I took delivery on a hammock chair after having my inner covetousness activated by seeing it in action (and yoinking it from Kimi for a bit) and instead of leaving it in the box for a year like I might have not too long ago, I unpacked the thing and took it on a test drive in my front yard.

I loooooooooove it, though I will admit, it’s a bit of a trial to get in and out of the bag and set up – not like those easy camping chairs that you can practically toss in the air and expect to land in a usable position BUT the whole “swinging in a hammock chair in the evening sun” thing makes it well worth it. Here’s the little vignette I set up out there.

Something about rust and teal makes me ridiculously happy. I don’t know why.

I sit out here often now with my iPad and a podcast in my ears, and it is exactly what I wished for myself in July of 2020 when I first moved here. I couldn’t quite get myself to do much more than stoop sit for a couple of years there but that’s shifted, like so many things have shifted, and I’m grateful.

I went live on YouTube yesterday and talked a bit about the struggle of getting any kind of traction on that platform. I think the fact that I talk openly about mental health, trauma, and other things that the YouTube gods have deemed “controversial topics” means I’m being throttled. My subscribers report that I *never* pop up in their “recommended for you feed” and despite hitting the bell to get notified when I go live, that never happens either.

I’ve done over 40 lives on YouTube and my subscriber count hasn’t budged. I’m lucky to get twenty people in there – twenty!

So, I give up. I’m going to move the lives to Facebook because that’s where my peoples are AND the test live I did yesterday got more views and comments than anything I’ve ever done on the YouTubes.

It was a good try, though. I’m not counting it as a failure, though I admit I did have a moment when I wondered “Is it me? Am I boring? Am I not worth showing up for?” and then I recognized that for what it was – bullshit.

Anyway, here’s what I made during the live.

The blackout poem I created:

The first time I had ever seen big water
the strength of lace
bobbins and threads trailing
old women
with full open heart(s)

a sudden Holy Spirit. 

The book I’m using for this project I started in March of 2020 and abandoned is “Untie The Strong Woman” by Clarissa Pinkola Estes. If you’re going to work with blackout poetry, starting with beautiful prose sure does help!

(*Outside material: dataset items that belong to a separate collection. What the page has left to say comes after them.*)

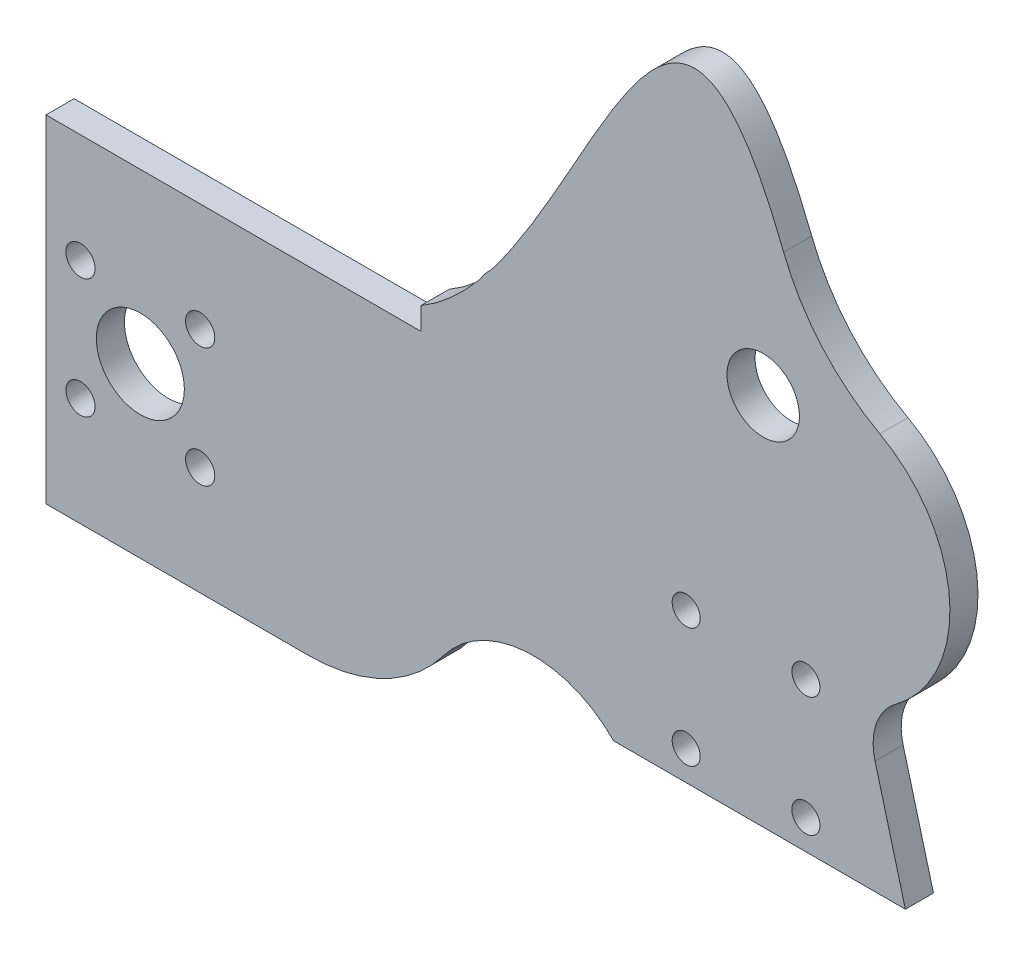
SolidWorks part; units mm, degrees
ref_plane "Front Plane" through (0, 0, 0) normal (0, 0, 1) x (1, 0, 0)
ref_plane "Top Plane" through (0, 0, 0) normal (0, 1, 0) x (1, 0, 0)
ref_plane "Right Plane" through (0, 0, 0) normal (1, 0, 0) x (0, 0, -1)
sketch "Sketch1" plane through (0, 0, 0) normal (0, 0, 1) x (1, 0, 0)
  line L0 (0, 0) -> (107.95, 0)
  line L3 (0, 38.1) -> (0, 25.4)
  line L4 (95.3675, 55.88) -> (0, 38.1)
  line L5 (0, 19.05) -> (100.2273, 19.05) construction
  line L6 (19.05, 19.05) -> (19.05, 28.62) construction
  line L7 (19.05, 19.05) -> (25.817, 25.817) construction
  line L8 (107.95, 0) -> (100.9363, 26.1756)
  line L10 (0, 12.7) -> (0, 0)
  line L11 (0, 25.4) -> (-7.62, 25.4)
  line L13 (0, 12.7) -> (-7.62, 12.7)
  line L14 (-7.62, 25.4) -> (-7.62, 12.7)
  line L15 (100.9363, 26.1756) -> (100.8688, 26.4276)
  arc A0 (100.8688, 26.4276) -> (95.3675, 55.88) centre (95.3675, 40.64) ccw
  circle A1 centre (95.3675, 40.64) radius 4.0957 construction
  circle A2 centre (19.05, 19.05) radius 9.57 construction
  circle A3 centre (25.817, 25.817) radius 1.651
  circle A4 centre (25.817, 12.283) radius 1.651
  circle A7 centre (12.283, 12.283) radius 1.651 [skipped]
  circle A8 centre (12.283, 25.817) radius 1.651 [skipped]
  point P26 (19.05, 19.05)
  dimension "D1" = 8.1915
  dimension "D5" = 15.24
  dimension "D4" = 19.14
  dimension "D7" = 3.302
  dimension "D11" = 97.0107
  dimension "D2" = 38.1
  dimension "D3" = 40.64
  dimension "D6" = 107.95
  dimension "D8" = 45
  dimension "D9" = 4
  dimension "D10" = 19.05
  dimension "D12" = 75
  dimension "D14" = 12.7
  dimension "D15" = 12.7
  dimension "D16" = 7.62
extrude "Boss-Extrude1" add sketch "Sketch1" along normal blind 3.175
sketch "Sketch2" plane through (0, 0, 3.175) normal (0, 0, 1) x (1, 0, 0)
  circle A0 centre (95.3675, 40.64) radius 38.1 construction
sketch "Sketch6" plane through (0, 0, 3.175) normal (0, 0, 1) x (1, 0, 0)
  line L0 (0, 0) -> (107.95, 0) construction
  line L1 (50.8, 0) -> (76.2, 0)
  arc A0 (76.2, 0) -> (50.8, 0) centre (63.5, 0) ccw
  dimension "D1" = 25.4
  dimension "D2" = 31.75
extrude "Cut-Extrude2" cut sketch "Sketch6" against normal blind 6.35
sketch "Sketch7" plane through (0, 0, 3.175) normal (0, 0, 1) x (1, 0, 0)
  line L0 (12.283, 25.817) -> (25.817, 12.283) construction
  line L1 (12.283, 12.283) -> (25.817, 25.817) construction
  circle A0 centre (19.05, 19.05) radius 4.9784
  circle A2 centre (80.7829, 12.2536) radius 1.5875
  circle A3 centre (94.316, 12.2536) radius 1.5875
  circle A4 centre (80.7829, 25.7876) radius 1.5875
  circle A5 centre (94.316, 25.7876) radius 1.5875
  dimension "D1" = 9.9568
extrude "Cut-Extrude3" cut sketch "Sketch7" against normal through all
fillet "Fillet1" radius 6.35 1 edges at (100.8688, 26.4276, 1.5875)
sketch "Sketch8" plane through (0, 0, 3.175) normal (0, 0, 1) x (1, 0, 0)
  line L1 (0, 38.1) -> (50.8, 38.1)
  line L2 (0, 38.1) -> (0, 50.8)
  line L3 (0, 50.8) -> (50.8, 50.8)
  line L4 (50.8, 38.1) -> (50.8, 50.8)
  dimension "D1" = 50.8
  dimension "D2" = 12.7
extrude "Cut-Extrude4" cut sketch "Sketch8" against normal blind 50.8
sketch "Sketch9" plane through (0, 0, 3.175) normal (0, 0, 1) x (1, 0, 0)
  line L3 (50.8, 40.64) -> (57.15, 40.64)
  line L5 (57.15, 40.64) -> (50.8, 40.64)
  line L6 (57.15, 40.64) -> (57.15, 50.8)
  line L7 (57.15, 50.8) -> (50.8, 50.8)
  line L8 (50.8, 40.64) -> (50.8, 50.8)
  line L9 (0, 38.1) -> (50.8, 38.1) construction
  line M8 (50.8, 47.571) -> (50.8, 38.1)
  line M21 (95.3675, 55.88) -> (50.8, 47.571)
  dimension "D1" = 10.16
  dimension "D2" = 2.54
  dimension "D3" = 6.35
extrude "Cut-Extrude5" cut sketch "Sketch9" against normal blind 19.304 contours L3 L6 M21 M8 region at (54.0583, 44.4092, 3.175)
fillet "Fillet6" radius 6.35 1 edges at (57.15, 40.64, 1.5875)
fillet "Fillet7" radius 6.35 1 edges at (57.15, 48.7549, 1.5875)
fillet "Fillet8" radius 19.05 1 edges at (50.8, 0, 1.5875)
sketch "Sketch12" plane through (0, 0, 3.175) normal (0, 0, 1) x (1, 0, 0)
  line L0 (107.95, 0) -> (146.812, 0) construction
  line L1 (8.0257, 45.4128) -> (80.6683, 75.7903) construction
  line L2 (95.3675, 40.64) -> (80.6683, 75.7903) construction
  line L3 (80.6683, 75.7903) -> (79.4434, 78.7195) construction
  line L4 (50.8, 40.64) -> (85.0271, 40.64)
  line L5 (85.0271, 40.64) -> (95.3675, 55.88)
  arc A0 (61.8128, 49.6242) -> (56.8883, 45.1859) centre (62.9766, 43.3817) ccw construction
  circle A1 centre (19.05, 19.05) radius 28.575 construction
  circle A2 centre (95.3675, 40.64) radius 38.1 construction
  circle A3 centre (80.6683, 75.7903) radius 3.175 construction
  spline S0 degree 3 poles (50.8, 40.64) (70.7778, 52.1788) (78.5943, 111.5434) (95.3675, 55.88) knots 0 0 0 0 1 1 1 1
  dimension "D2" = 6.35
  dimension "D1" = 38.862
extrude "Boss-Extrude2" add sketch "Sketch12" against normal blind 3.175
fillet "Fillet9" radius 24.13 1 edges at (95.3675, 55.88, 1.5875)
sketch "Sketch13" plane through (0, 38.1, 0) normal (0, 1, 0) x (1, 0, 0)
  line L0 (8.382, -3.175) -> (8.382, 0)
  line L1 (0, -3.175) -> (50.8, -3.175) construction
  line L2 (0, 0) -> (50.8, 0) construction
  line L3 (0, -3.175) -> (0, 0) construction
  dimension "D1" = 8.382
extrude "Cut-Extrude6" cut sketch "Sketch13" against normal through all
sketch "Sketch14" plane through (0, 0, 3.175) normal (0, 0, 1) x (1, 0, 0)
  circle A0 centre (89.49, 51.1876) radius 4.0958
  circle A1 centre (94.316, 25.7876) radius 1.5875 construction
  circle A2 centre (95.3675, 40.64) radius 4.0957 construction
  dimension "D1" = 4.826
  dimension "D2" = 25.4
extrude "Cut-Extrude7" cut sketch "Sketch14" against normal through all
sketch "Sketch17" plane through (0, 0, 3.175) normal (0, 0, 1) x (1, 0, 0)
  line L0 (76.2, 0) -> (107.95, 0) construction
  line L1 (64.0585, 8.89) -> (108.994, 8.89)
  line L2 (64.0585, 8.89) -> (64.0585, 0)
  line L3 (64.0585, 0) -> (108.994, 0)
  line L4 (108.994, 8.89) -> (108.994, 0)
  dimension "D1" = 8.89
extrude "Cut-Extrude10" cut sketch "Sketch17" against normal through all
sketch "Sketch18" plane through (0, 0, 3.175) normal (0, 0, 1) x (1, 0, 0)
  line L0 (19.05, 14.0716) -> (19.05, 24.0284) construction
  circle A0 centre (19.05, 19.05) radius 4.9784 construction
  circle A1 centre (25.817, 25.817) radius 1.651 construction
  circle A2 centre (25.817, 12.283) radius 1.651 construction
  circle A3 centre (12.283, 12.283) radius 1.651
  circle A4 centre (12.283, 25.817) radius 1.651
extrude "Cut-Extrude11" cut sketch "Sketch18" against normal through all

The next poem I’ll be painting to (on the right hand facing page) feels so poignant to me…

I ran laughing.
I ran more – laughing, laughing
laughing as though crazy drunk.

For punishment they
set me down hard
in the dark
by myself.

Oof, right?

It conjured memories of the way I was “grounded” in childhood for the tiniest infraction – months in my room, forced to eat in the bathroom so I wouldn’t get food on the bedding, plate perched on the toilet seat while I sat on the floor, my siblings forbidden from speaking to me but taunting me anyway, my parents faces, stony, cold.

***

This morning as I sip my coffee and slay the list, I know this to be true:

No one will ever set me down hard in the dark by myself again. I am and will forever be in the business of finding or making light.